4. Short leg and other associated deformities:
A short leg or a flexed hip may cause the pelvis to tilt and a
compensatory scoliosis in the spine. If this deformity is left uncorrected,
it may become permanent.
5. Weight bearing on weak joints:
This may lead to genu recurvatum or valgus ankle. The deformity
becomes worse with stretching of the ligaments or the joints without
external support to the deformed joint.
6. Progress of contractures:
All the mentioned deformities may progress if left uncorrected in
children where bone growth is not equalized. Untreated mild spinal
deformity may lead to severe and permanent scoliosis or kyphosis.
Common deformities:
a) Hip joint: Flexion, abduction and external rotation is the commonest
deformity due to relative weakness of the opposing muscle groups.

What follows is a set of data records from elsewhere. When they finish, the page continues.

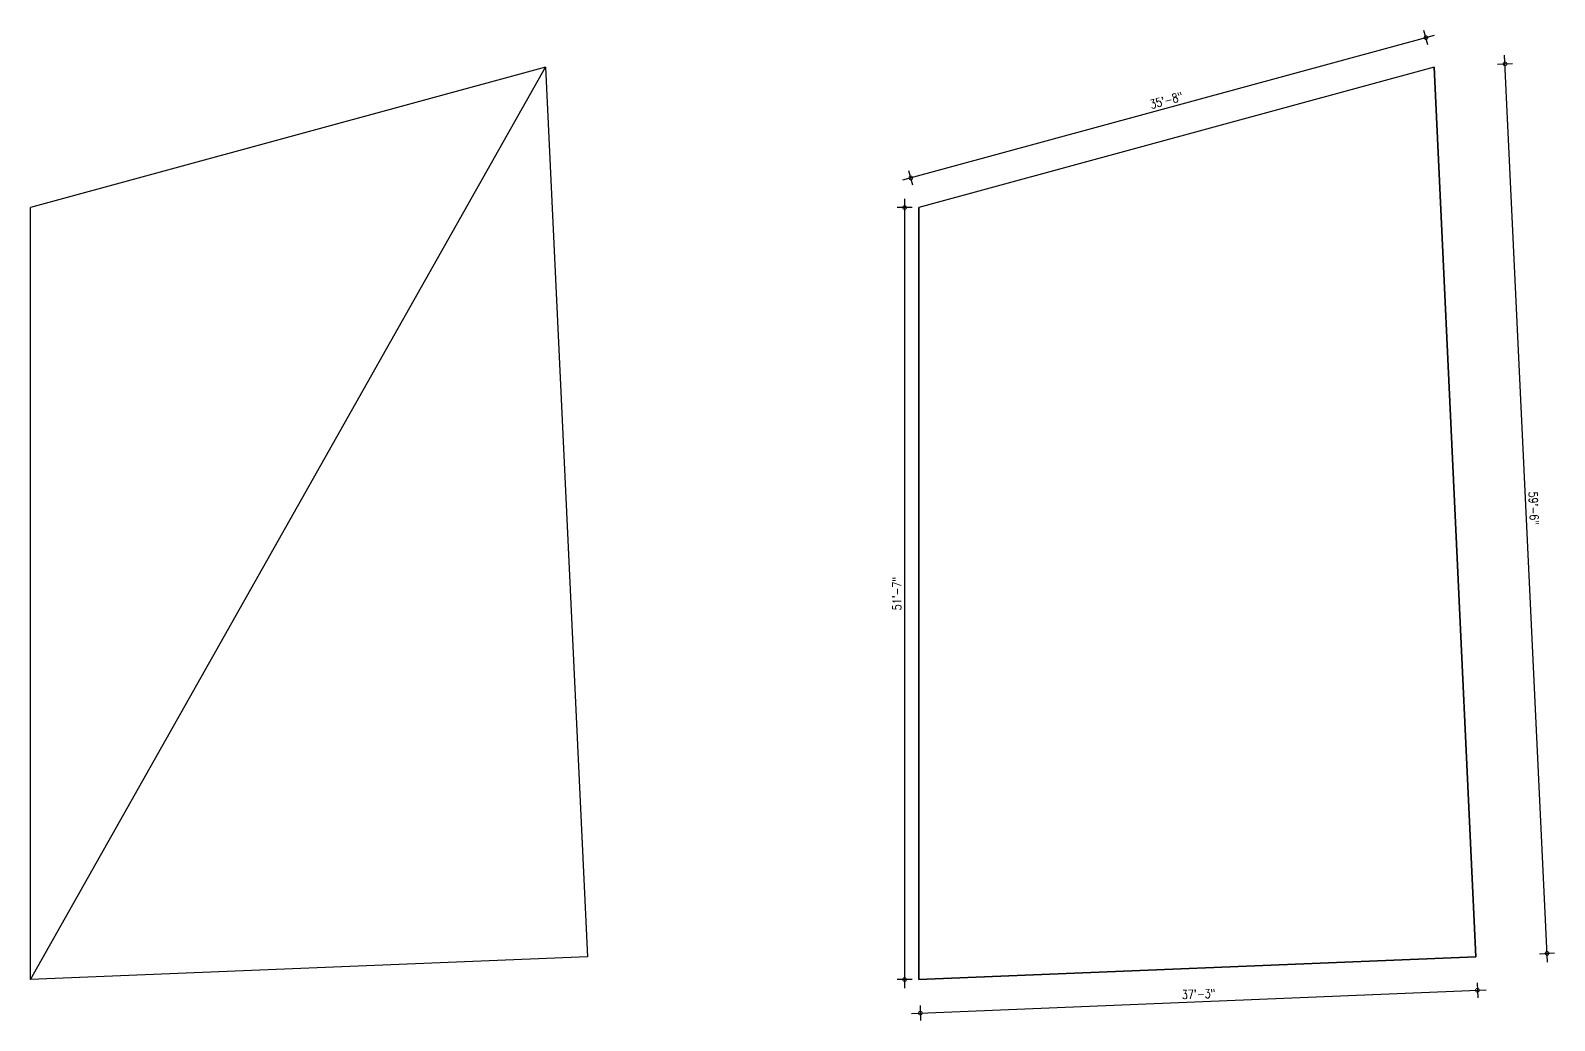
# Model space of a CAD drawing. Header units: inches. Extents: x -9985691 to 3643, y -3269800 to 4788.
# Drawn here: x -4990602 to -4989380, y -3266744 to -3265950 of the extents above; entities that cross this region are included whole.
import ezdxf

# ---------------------------------------------------------------- set-up
doc = ezdxf.new("R2010")
doc.units = ezdxf.units.IN
doc.header["$LTSCALE"] = 2
doc.header["$MEASUREMENT"] = 0
doc.header["$PDMODE"] = 34
doc.layers.get('0').update_dxf_attribs({"linetype": 'CONTINUOUS'})
doc.layers.get('DEFPOINTS').update_dxf_attribs({"color": 141, "linetype": 'CONTINUOUS'})
doc.styles.add('ROMANS', font='Romans.shx', dxfattribs={"width": 0.8})
doc.dimstyles.new('8 SCALE', dxfattribs={"dimscale": 0, "dimtxt": 7, "dimasz": 6, "dimexe": 6, "dimexo": 2, "dimgap": 2, "dimtad": 1, "dimdec": 0, "dimzin": 0, "dimdsep": 46, "dimlunit": 4, "dimtxsty": 'ROMANS', "dimblk": 'DOTSMALL', "dimcen": 0, "dimdle": 7, "dimclrd": 8, "dimclre": 8, "dimclrt": 3, "dimadec": 0, "dimazin": 0, "dimtfac": 1, "dimtdec": 0, "dimtofl": 0, "dimtmove": 2, "dimatfit": 3, "dimfxl": 6, "dimfxlon": 1, "dimtolj": 1, "dimtzin": 0, "dimarcsym": 0})

# ---------------------------------------------------------------- blocks, each defined once
blk = doc.blocks.new('_DOTSMALL')
at = {"color": 0, "linetype": 'ByBlock', "const_width": 0.5}
blk.add_lwpolyline([(-0.0625, 0, 1), (0.0625, 0, 1)], format="xyb", close=True, dxfattribs=at)
blk = doc.blocks.new('*D542')
at = {"color": 8, "lineweight": -2, "ltscale": 0.5, "transparency": 16777216}
for p, q in [((-4989425.3, -3265977.1), (-4989413.3, -3265976.5)), ((-4989385.3, -3266697), (-4989419.6, -3265969.8)), ((-4989391.6, -3266690.3), (-4989379.6, -3266689.7))]:
    blk.add_line(p, q, dxfattribs=at)
at = {"layer": 'DEFPOINTS', "color": 0, "ltscale": 0.5, "transparency": 16777216}
for p in [(-4989419.3, -3265976.8), (-4989476.2, -3265979.5), (-4989442.6, -3266692.7)]:
    blk.add_point(p, dxfattribs=at)
at = {"color": 8, "lineweight": -2, "ltscale": 0.5, "transparency": 16777216, "xscale": 6, "yscale": 6, "zscale": 6}
for p, rotation in [((-4989419.3, -3265976.8), 92.70302640282576), ((-4989385.6, -3266690), 272.7030264028257)]:
    blk.add_blockref('_DOTSMALL', p, dxfattribs=dict(at, rotation=rotation))
at = {"color": 3, "ltscale": 0.5, "transparency": 16777216, "insert": (-4989396.3, -3266333.1), "char_height": 7, "attachment_point": 5, "rotation": 272.703, "style": 'ROMANS'}
blk.add_mtext('\\A1;59\'-6"', dxfattribs=at)
blk = doc.blocks.new('*D543')
at = {"color": 8, "lineweight": -2, "ltscale": 0.5, "transparency": 16777216}
for p, q in [((-4989900.7, -3266085), (-4989900.7, -3266718)), ((-4989894.7, -3266092), (-4989906.7, -3266092)), ((-4989894.7, -3266711), (-4989906.7, -3266711))]:
    blk.add_line(p, q, dxfattribs=at)
at = {"layer": 'DEFPOINTS', "color": 0, "ltscale": 0.5, "transparency": 16777216}
for p in [(-4989889.2, -3266092), (-4989900.7, -3266711), (-4989889.2, -3266711)]:
    blk.add_point(p, dxfattribs=at)
at = {"color": 8, "lineweight": -2, "ltscale": 0.5, "transparency": 16777216, "xscale": 6, "yscale": 6, "zscale": 6}
for p, rotation in [((-4989900.7, -3266092), 90), ((-4989900.7, -3266711), 270)]:
    blk.add_blockref('_DOTSMALL', p, dxfattribs=dict(at, rotation=rotation))
at = {"color": 3, "ltscale": 0.5, "transparency": 16777216, "insert": (-4989906.9, -3266401.5), "char_height": 7, "attachment_point": 5, "rotation": 90, "style": 'ROMANS'}
blk.add_mtext('\\A1;51\'-7"', dxfattribs=at)
blk = doc.blocks.new('*D545')
at = {"color": 8, "lineweight": -2, "ltscale": 0.5, "transparency": 16777216}
for p, q in [((-4989895.1, -3266738.1), (-4989434.5, -3266719.3)), ((-4989441.7, -3266713.6), (-4989441.2, -3266725.6)), ((-4989888.3, -3266731.9), (-4989887.9, -3266743.8))]:
    blk.add_line(p, q, dxfattribs=at)
at = {"layer": 'DEFPOINTS', "color": 0, "ltscale": 0.5, "transparency": 16777216}
for p in [(-4989442.6, -3266692.7), (-4989889.2, -3266711), (-4989441.5, -3266719.6)]:
    blk.add_point(p, dxfattribs=at)
at = {"color": 8, "lineweight": -2, "ltscale": 0.5, "transparency": 16777216, "xscale": 6, "yscale": 6, "zscale": 6}
for p, rotation in [((-4989441.5, -3266719.6), 2.34353188515422), ((-4989888.1, -3266737.9), 182.3435318851542)]:
    blk.add_blockref('_DOTSMALL', p, dxfattribs=dict(at, rotation=rotation))
at = {"color": 3, "ltscale": 0.5, "transparency": 16777216, "insert": (-4989665, -3266722.6), "char_height": 7, "attachment_point": 5, "rotation": 2.3435, "style": 'ROMANS'}
blk.add_mtext('\\A1;37\'-3"', dxfattribs=at)
blk = doc.blocks.new('*D546')
at = {"color": 8, "lineweight": -2, "ltscale": 0.5, "transparency": 16777216}
for p, q in [((-4989476, -3265953.9), (-4989902.4, -3266070.1)), ((-4989481.1, -3265961.5), (-4989484.3, -3265950)), ((-4989894.1, -3266074), (-4989897.2, -3266062.4))]:
    blk.add_line(p, q, dxfattribs=at)
at = {"layer": 'DEFPOINTS', "color": 0, "ltscale": 0.5, "transparency": 16777216}
for p in [(-4989476.2, -3265979.5), (-4989895.7, -3266068.2), (-4989889.2, -3266092)]:
    blk.add_point(p, dxfattribs=at)
at = {"color": 8, "lineweight": -2, "ltscale": 0.5, "transparency": 16777216, "xscale": 6, "yscale": 6, "zscale": 6}
for p, rotation in [((-4989482.7, -3265955.7), 15.2370247845615), ((-4989895.7, -3266068.2), 195.2370247845616)]:
    blk.add_blockref('_DOTSMALL', p, dxfattribs=dict(at, rotation=rotation))
at = {"color": 3, "ltscale": 0.5, "transparency": 16777216, "insert": (-4989690.8, -3266006), "char_height": 7, "attachment_point": 5, "rotation": 15.237, "style": 'ROMANS'}
blk.add_mtext('\\A1;35\'-8"', dxfattribs=at)

msp = doc.modelspace()

# ---------------------------------------------------------------- linework, layer by layer
at = {"ltscale": 0.5}
for p, q in [((-4990601.5, -3266711), (-4990188.6, -3265979.5)), ((-4990188.6, -3265979.5), (-4990601.5, -3266092)), ((-4990188.6, -3265979.5), (-4990154.9, -3266692.7)), ((-4989476.2, -3265979.5), (-4989889.2, -3266092)), ((-4989476.2, -3265979.5), (-4989442.6, -3266692.7)), ((-4990601.5, -3266711), (-4990601.5, -3266092)), ((-4989889.2, -3266711), (-4989889.2, -3266092)), ((-4990154.9, -3266692.7), (-4990601.5, -3266711)), ((-4989442.6, -3266692.7), (-4989889.2, -3266711))]:
    msp.add_line(p, q, dxfattribs=at)
msp.add_lwpolyline([(-4989476.2, -3265979.5), (-4989889.2, -3266092), (-4989889.2, -3266711), (-4989442.6, -3266692.7)], close=True, dxfattribs=at)

# ---------------------------------------------------------------- dimensions: what is measured, and where the dimension line sits
for p1, p2, distance, picture, middle in [((-4989476.2, -3265979.5), (-4989889.2, -3266092), -24.6, '*D546', (-4989690.8, -3266006)), ((-4989442.6, -3266692.7), (-4989476.2, -3265979.5), -57, '*D542', (-4989396.3, -3266333.1)), ((-4989889.2, -3266711), (-4989442.6, -3266692.7), -26.9, '*D545', (-4989665, -3266722.6))]:
    dim = msp.add_aligned_dim(p1=p1, p2=p2, distance=distance, dimstyle='8 SCALE', override={"dimscale": 1}, dxfattribs=at)
    dim.commit()
    dim.dimension.update_dxf_attribs({"geometry": picture, "text_midpoint": middle})
dim = msp.add_linear_dim(base=(-4989900.7, -3266711), p1=(-4989889.2, -3266092), p2=(-4989889.2, -3266711), angle=90, dimstyle='8 SCALE', override={"dimscale": 1}, dxfattribs=at)
dim.commit()
dim.dimension.update_dxf_attribs({"geometry": '*D543', "text_midpoint": (-4989906.9, -3266401.5)})

doc.saveas('drawing.dxf')

b) Knee joint: The commonest knee deformities are flexion deformity
due to paralysis of the knee extensors and mild valgus deformity (30%).
Genu recurvatum may occur due to early weight bearing on a week knee.
Lateral rotation of the tibia on the femur and lateral subluxation of the
knee may also occur.
c) Ankle joint: Equinus deformity due to weak dorsiflexors is a common
deformity. Valgus, varus and cavus foot are other commonly occurring
deformities.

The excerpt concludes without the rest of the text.